# [Problem to solve]
Would you copy out each line of the records below that includes the word "StopTime"?

[Start of section]

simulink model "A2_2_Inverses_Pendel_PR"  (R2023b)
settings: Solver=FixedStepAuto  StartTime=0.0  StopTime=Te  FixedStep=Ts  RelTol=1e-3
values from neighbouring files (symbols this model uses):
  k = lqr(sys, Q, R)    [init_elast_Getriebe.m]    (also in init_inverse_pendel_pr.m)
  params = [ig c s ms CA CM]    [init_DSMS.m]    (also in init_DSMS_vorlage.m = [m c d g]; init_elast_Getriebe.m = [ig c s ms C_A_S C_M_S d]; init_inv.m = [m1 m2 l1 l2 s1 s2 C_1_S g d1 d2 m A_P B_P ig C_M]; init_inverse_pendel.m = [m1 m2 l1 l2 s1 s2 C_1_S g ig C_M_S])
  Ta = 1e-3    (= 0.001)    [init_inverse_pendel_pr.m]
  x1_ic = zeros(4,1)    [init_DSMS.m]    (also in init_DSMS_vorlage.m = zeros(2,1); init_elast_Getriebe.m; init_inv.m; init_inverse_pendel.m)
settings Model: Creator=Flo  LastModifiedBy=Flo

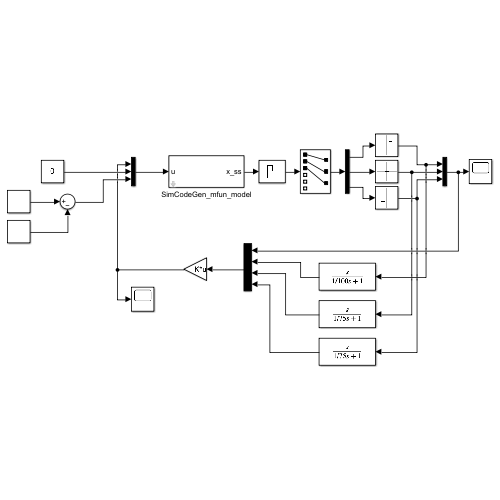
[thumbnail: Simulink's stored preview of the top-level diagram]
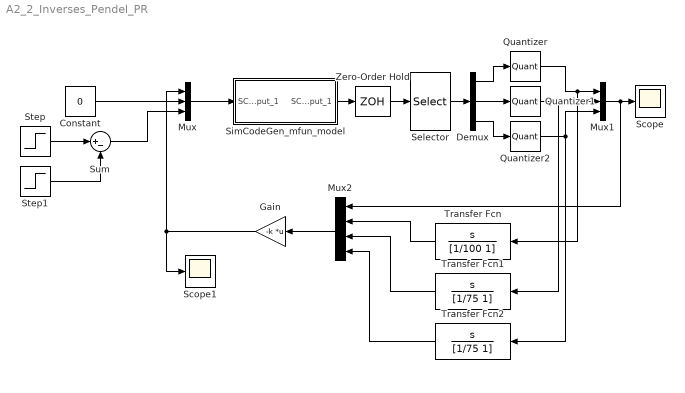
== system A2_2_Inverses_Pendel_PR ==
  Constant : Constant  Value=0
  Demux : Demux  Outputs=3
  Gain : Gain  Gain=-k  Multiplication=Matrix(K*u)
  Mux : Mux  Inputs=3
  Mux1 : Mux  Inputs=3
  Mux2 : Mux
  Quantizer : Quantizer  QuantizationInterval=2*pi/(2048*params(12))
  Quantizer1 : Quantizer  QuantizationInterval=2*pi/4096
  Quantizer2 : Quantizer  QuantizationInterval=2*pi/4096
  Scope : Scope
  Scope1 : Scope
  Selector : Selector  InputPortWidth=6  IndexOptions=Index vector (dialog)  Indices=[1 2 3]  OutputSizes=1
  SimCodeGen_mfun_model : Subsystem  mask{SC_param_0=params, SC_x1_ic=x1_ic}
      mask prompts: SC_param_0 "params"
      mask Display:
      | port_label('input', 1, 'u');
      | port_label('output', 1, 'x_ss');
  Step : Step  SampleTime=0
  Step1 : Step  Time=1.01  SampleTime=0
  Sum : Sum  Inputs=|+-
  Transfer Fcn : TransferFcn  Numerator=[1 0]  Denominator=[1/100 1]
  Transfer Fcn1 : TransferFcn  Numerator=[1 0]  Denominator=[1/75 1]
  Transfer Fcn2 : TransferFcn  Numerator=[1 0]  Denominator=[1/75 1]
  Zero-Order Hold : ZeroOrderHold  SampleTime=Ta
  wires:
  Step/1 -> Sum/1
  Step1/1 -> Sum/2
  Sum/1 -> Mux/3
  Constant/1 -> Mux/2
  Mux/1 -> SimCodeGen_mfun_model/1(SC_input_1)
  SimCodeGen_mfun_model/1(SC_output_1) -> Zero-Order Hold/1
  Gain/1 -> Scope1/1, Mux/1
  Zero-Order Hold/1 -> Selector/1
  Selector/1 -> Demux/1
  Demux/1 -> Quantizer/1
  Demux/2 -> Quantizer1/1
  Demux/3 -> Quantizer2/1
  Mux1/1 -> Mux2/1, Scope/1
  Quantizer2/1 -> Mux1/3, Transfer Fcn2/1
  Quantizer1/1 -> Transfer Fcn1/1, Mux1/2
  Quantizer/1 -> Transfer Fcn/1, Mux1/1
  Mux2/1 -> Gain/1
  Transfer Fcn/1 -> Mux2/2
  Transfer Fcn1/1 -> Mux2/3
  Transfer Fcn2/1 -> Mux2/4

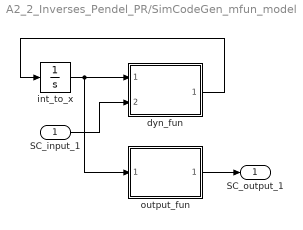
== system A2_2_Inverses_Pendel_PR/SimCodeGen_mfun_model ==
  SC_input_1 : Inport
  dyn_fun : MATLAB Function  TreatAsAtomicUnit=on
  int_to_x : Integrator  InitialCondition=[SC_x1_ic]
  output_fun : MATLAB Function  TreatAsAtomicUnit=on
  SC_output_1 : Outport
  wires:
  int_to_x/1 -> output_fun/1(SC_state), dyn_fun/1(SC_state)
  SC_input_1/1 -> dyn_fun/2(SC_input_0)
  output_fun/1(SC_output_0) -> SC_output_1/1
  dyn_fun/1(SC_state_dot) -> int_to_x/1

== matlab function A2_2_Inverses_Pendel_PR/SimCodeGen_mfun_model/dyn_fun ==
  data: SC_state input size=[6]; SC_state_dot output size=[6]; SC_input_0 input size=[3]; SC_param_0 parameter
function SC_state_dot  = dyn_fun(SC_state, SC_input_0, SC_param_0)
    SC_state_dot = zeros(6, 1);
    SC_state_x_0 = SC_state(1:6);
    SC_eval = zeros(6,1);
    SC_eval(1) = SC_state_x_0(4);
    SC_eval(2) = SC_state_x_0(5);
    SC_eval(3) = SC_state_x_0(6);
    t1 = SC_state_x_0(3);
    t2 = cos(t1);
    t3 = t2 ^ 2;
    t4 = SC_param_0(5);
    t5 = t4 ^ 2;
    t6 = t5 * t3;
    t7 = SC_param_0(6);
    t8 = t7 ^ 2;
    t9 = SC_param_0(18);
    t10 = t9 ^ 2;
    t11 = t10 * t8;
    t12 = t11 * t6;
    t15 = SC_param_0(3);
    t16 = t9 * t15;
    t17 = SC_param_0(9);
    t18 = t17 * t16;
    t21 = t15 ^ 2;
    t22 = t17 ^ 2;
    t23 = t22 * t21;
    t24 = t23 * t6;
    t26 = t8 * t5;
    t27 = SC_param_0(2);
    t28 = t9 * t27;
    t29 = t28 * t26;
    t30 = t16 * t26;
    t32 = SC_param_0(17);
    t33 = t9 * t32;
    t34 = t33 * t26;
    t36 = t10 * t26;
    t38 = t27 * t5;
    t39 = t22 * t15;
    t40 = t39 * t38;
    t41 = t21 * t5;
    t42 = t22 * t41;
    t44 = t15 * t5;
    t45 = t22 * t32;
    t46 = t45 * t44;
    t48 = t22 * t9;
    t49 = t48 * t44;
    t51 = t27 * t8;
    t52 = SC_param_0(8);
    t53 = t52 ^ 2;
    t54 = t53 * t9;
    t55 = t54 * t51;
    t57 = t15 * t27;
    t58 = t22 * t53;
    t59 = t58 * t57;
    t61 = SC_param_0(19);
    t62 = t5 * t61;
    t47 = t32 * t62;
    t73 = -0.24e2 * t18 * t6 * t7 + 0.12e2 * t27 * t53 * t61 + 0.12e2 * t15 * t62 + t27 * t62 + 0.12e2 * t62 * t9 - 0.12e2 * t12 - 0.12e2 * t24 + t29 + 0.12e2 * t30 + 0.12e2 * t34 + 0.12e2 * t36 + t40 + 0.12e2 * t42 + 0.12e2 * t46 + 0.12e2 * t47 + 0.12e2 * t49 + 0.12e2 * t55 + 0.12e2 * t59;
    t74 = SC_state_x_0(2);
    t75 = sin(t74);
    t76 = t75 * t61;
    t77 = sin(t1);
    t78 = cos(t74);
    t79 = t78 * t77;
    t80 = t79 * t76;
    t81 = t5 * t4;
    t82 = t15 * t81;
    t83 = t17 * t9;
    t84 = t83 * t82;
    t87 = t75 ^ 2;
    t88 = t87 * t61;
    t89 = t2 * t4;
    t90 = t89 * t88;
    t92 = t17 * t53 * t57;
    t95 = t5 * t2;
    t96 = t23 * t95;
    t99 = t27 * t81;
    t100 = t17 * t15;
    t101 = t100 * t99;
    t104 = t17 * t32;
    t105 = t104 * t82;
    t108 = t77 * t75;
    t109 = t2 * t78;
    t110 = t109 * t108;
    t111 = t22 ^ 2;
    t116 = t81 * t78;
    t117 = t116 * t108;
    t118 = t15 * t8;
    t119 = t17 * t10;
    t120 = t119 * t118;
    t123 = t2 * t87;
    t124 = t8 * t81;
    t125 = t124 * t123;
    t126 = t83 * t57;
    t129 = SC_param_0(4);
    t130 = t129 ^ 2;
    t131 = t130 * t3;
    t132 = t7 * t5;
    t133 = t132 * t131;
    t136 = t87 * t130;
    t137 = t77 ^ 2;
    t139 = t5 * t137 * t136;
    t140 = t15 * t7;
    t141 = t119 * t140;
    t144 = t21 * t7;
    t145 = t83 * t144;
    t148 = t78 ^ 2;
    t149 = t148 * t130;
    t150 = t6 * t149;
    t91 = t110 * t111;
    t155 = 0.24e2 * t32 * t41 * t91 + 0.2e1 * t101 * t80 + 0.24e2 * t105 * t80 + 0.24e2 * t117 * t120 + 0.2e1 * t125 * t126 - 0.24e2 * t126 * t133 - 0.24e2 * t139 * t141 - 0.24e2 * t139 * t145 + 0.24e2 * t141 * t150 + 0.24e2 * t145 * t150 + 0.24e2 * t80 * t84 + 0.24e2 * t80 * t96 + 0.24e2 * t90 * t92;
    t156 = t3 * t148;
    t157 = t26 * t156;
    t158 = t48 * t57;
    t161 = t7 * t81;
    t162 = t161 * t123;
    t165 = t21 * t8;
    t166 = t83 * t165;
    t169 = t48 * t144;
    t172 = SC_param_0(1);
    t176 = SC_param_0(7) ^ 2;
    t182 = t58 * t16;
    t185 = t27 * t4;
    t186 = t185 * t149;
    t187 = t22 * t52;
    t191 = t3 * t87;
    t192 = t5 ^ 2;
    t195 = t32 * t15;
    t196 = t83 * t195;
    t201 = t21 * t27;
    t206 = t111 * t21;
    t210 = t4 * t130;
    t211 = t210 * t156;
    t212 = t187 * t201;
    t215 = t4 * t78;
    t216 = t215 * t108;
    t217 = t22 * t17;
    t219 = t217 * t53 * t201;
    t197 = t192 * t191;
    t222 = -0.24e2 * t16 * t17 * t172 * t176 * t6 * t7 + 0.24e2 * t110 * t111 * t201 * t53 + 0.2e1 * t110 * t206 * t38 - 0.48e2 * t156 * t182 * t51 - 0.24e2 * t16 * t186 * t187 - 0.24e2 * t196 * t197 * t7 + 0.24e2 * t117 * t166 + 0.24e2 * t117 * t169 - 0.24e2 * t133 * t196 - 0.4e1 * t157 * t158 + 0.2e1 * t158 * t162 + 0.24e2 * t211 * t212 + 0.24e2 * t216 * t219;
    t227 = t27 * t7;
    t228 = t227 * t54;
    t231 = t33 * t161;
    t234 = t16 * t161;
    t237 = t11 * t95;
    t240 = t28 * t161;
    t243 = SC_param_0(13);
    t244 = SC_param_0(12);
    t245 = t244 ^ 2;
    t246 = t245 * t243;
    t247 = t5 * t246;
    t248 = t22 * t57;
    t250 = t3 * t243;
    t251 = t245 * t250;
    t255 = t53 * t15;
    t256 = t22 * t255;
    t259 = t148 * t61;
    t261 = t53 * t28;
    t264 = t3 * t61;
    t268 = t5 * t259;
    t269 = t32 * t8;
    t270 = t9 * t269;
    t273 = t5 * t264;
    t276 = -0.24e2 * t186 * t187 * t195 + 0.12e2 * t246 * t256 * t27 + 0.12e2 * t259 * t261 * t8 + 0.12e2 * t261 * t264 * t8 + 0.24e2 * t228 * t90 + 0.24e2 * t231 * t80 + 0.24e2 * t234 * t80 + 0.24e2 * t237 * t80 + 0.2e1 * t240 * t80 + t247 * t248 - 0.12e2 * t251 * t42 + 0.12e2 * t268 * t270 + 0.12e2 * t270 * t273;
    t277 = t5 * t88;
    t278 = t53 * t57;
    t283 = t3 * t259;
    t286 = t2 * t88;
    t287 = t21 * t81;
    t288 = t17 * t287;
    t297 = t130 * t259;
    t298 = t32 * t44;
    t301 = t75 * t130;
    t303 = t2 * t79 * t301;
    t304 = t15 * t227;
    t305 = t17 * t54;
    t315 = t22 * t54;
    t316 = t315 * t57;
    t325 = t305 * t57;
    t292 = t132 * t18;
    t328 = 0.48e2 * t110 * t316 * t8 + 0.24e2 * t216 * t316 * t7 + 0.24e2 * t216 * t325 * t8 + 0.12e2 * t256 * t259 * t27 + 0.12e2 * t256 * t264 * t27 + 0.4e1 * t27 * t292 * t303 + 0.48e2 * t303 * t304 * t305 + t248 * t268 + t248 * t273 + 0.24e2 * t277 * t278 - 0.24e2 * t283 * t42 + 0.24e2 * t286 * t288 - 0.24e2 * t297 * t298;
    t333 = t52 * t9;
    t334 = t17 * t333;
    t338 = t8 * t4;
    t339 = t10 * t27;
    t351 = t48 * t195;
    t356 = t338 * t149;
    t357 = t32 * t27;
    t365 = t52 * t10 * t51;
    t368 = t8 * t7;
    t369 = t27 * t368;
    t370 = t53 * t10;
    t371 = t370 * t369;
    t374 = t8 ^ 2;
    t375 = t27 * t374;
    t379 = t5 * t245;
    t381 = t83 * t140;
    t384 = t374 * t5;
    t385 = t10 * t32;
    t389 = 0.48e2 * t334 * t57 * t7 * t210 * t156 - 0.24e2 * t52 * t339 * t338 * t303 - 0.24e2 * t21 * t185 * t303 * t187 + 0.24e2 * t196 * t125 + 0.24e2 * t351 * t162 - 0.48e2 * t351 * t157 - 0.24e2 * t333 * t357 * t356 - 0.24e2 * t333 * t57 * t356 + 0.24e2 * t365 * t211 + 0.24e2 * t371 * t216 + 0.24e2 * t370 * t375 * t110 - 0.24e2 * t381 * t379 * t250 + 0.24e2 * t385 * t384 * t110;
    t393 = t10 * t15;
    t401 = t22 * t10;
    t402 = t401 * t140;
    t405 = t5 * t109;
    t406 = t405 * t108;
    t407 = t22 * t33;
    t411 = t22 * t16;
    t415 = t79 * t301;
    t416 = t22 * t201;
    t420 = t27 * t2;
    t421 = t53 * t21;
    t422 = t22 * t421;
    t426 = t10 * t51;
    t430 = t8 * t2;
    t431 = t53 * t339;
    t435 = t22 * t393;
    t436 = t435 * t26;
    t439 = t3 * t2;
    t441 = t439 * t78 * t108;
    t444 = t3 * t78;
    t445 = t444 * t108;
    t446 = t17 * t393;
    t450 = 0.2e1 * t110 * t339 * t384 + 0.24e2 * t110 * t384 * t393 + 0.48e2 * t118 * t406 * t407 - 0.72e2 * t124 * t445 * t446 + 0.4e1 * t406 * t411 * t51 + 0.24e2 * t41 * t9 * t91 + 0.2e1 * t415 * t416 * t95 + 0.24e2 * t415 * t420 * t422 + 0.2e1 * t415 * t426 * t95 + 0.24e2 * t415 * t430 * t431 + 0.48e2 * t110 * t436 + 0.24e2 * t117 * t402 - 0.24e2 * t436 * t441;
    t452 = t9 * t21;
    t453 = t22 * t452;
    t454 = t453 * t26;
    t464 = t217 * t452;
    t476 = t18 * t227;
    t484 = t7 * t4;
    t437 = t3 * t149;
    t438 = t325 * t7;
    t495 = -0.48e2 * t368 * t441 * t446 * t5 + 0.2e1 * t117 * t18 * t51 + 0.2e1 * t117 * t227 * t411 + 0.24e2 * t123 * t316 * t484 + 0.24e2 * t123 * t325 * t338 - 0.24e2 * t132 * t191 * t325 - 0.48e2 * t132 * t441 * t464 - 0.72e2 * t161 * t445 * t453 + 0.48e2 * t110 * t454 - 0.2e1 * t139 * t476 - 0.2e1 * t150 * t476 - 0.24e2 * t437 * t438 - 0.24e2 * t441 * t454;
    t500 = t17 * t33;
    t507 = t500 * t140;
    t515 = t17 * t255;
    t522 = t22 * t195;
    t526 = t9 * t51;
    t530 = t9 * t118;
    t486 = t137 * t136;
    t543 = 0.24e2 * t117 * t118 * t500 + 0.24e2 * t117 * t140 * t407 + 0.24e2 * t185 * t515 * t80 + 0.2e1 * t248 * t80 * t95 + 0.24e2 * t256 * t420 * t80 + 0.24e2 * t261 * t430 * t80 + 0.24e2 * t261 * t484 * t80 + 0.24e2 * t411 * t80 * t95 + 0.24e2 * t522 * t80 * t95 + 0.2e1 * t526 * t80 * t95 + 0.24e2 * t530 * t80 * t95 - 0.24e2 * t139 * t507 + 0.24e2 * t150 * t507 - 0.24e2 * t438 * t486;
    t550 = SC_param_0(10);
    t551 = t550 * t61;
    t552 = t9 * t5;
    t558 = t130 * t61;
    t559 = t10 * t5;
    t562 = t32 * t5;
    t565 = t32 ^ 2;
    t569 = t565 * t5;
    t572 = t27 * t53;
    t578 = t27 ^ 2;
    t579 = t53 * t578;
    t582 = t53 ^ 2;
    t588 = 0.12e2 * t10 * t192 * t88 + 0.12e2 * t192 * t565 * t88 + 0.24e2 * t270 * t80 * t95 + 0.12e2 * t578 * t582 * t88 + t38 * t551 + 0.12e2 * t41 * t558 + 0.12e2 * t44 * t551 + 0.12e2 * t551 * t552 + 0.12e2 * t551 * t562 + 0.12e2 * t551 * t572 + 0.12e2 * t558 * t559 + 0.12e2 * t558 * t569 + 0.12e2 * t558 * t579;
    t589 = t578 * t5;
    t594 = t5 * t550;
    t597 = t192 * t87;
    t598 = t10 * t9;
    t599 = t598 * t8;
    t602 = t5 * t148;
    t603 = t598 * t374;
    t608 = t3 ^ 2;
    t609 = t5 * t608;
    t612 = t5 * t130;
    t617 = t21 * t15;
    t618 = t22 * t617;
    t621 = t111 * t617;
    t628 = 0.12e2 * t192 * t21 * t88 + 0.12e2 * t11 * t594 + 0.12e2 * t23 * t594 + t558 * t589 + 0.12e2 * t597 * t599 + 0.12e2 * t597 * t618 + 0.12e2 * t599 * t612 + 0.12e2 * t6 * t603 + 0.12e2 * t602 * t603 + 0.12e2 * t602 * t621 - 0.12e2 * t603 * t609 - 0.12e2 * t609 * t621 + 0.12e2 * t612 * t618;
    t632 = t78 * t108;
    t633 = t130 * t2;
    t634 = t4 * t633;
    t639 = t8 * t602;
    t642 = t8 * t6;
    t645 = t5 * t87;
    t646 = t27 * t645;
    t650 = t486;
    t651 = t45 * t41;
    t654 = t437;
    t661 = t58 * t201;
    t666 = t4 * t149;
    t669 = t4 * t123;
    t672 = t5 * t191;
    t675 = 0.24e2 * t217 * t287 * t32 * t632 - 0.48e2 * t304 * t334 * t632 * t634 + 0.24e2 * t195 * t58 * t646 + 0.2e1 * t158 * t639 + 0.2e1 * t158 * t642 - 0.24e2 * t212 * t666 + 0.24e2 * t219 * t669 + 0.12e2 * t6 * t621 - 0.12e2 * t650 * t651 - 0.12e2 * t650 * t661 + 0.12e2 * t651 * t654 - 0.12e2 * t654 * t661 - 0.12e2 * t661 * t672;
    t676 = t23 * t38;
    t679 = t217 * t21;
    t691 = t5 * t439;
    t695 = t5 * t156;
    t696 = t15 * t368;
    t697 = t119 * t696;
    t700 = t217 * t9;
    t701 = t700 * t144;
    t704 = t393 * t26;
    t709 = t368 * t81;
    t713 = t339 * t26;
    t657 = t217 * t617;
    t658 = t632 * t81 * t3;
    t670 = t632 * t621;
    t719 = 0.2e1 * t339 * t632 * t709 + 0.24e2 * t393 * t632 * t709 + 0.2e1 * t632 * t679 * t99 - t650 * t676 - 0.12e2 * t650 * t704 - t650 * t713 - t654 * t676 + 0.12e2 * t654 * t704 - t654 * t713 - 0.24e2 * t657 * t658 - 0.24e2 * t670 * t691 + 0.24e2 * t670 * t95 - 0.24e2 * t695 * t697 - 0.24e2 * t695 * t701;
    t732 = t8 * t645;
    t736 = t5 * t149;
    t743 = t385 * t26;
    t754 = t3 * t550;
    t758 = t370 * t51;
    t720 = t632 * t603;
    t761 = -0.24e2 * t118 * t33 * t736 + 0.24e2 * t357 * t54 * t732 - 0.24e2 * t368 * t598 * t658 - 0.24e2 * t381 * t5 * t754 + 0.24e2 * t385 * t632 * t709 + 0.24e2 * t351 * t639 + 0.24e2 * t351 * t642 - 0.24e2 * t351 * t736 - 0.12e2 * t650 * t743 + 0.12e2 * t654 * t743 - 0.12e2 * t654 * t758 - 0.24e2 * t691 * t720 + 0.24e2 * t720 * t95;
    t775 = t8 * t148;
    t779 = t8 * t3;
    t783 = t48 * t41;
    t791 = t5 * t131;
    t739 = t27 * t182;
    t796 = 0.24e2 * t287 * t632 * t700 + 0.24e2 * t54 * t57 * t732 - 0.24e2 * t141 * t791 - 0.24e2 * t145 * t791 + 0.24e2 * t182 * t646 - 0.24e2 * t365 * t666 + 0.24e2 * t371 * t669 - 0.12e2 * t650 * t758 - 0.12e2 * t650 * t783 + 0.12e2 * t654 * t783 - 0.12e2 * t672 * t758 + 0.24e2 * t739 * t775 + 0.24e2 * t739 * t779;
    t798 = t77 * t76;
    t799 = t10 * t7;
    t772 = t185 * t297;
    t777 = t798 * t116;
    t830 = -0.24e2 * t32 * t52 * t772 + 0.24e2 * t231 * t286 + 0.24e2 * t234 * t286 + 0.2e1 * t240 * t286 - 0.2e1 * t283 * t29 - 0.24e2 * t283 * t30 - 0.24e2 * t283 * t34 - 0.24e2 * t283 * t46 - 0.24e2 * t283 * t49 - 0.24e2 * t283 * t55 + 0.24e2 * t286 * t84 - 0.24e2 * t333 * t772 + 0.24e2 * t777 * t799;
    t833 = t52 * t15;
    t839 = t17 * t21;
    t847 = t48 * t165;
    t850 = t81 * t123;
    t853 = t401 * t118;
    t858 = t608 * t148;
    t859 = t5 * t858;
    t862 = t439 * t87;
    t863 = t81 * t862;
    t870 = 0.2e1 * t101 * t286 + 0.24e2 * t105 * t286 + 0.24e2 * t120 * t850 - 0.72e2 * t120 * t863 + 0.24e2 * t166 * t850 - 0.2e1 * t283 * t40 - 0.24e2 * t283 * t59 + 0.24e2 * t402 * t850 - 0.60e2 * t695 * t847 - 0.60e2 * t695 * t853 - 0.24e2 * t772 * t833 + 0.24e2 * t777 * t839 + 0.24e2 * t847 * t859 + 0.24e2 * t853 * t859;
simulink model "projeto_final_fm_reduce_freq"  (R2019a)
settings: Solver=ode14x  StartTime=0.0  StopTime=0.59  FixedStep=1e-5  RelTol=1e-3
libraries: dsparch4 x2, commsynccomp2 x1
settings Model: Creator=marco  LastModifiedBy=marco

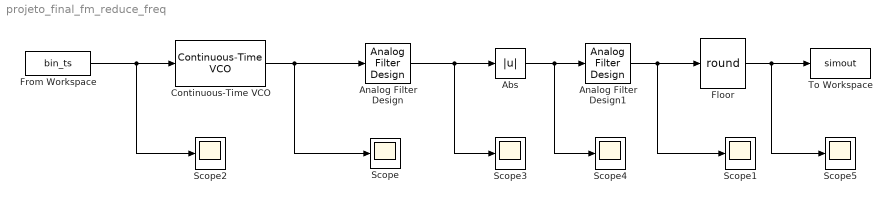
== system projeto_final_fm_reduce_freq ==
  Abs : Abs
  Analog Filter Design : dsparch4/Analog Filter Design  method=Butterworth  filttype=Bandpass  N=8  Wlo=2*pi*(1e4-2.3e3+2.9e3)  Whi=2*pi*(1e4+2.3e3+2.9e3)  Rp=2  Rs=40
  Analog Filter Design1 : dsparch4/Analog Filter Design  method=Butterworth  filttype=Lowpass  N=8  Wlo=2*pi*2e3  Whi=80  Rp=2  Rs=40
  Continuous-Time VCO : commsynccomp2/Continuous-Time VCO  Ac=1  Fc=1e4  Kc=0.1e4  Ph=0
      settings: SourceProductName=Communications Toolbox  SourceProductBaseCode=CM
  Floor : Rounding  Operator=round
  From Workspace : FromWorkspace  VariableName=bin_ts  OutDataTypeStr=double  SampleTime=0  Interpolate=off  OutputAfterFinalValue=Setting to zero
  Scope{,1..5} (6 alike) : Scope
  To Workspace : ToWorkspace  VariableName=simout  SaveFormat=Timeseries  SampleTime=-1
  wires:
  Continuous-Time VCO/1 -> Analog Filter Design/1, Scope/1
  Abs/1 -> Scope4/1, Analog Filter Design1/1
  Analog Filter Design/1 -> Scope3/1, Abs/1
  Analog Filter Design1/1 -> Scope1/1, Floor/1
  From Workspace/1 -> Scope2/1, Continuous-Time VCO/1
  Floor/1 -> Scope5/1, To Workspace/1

[End of section]

# [Exercise answer]
settings: Solver=FixedStepAuto  StartTime=0.0  StopTime=Te  FixedStep=Ts  RelTol=1e-3
settings: Solver=ode14x  StartTime=0.0  StopTime=0.59  FixedStep=1e-5  RelTol=1e-3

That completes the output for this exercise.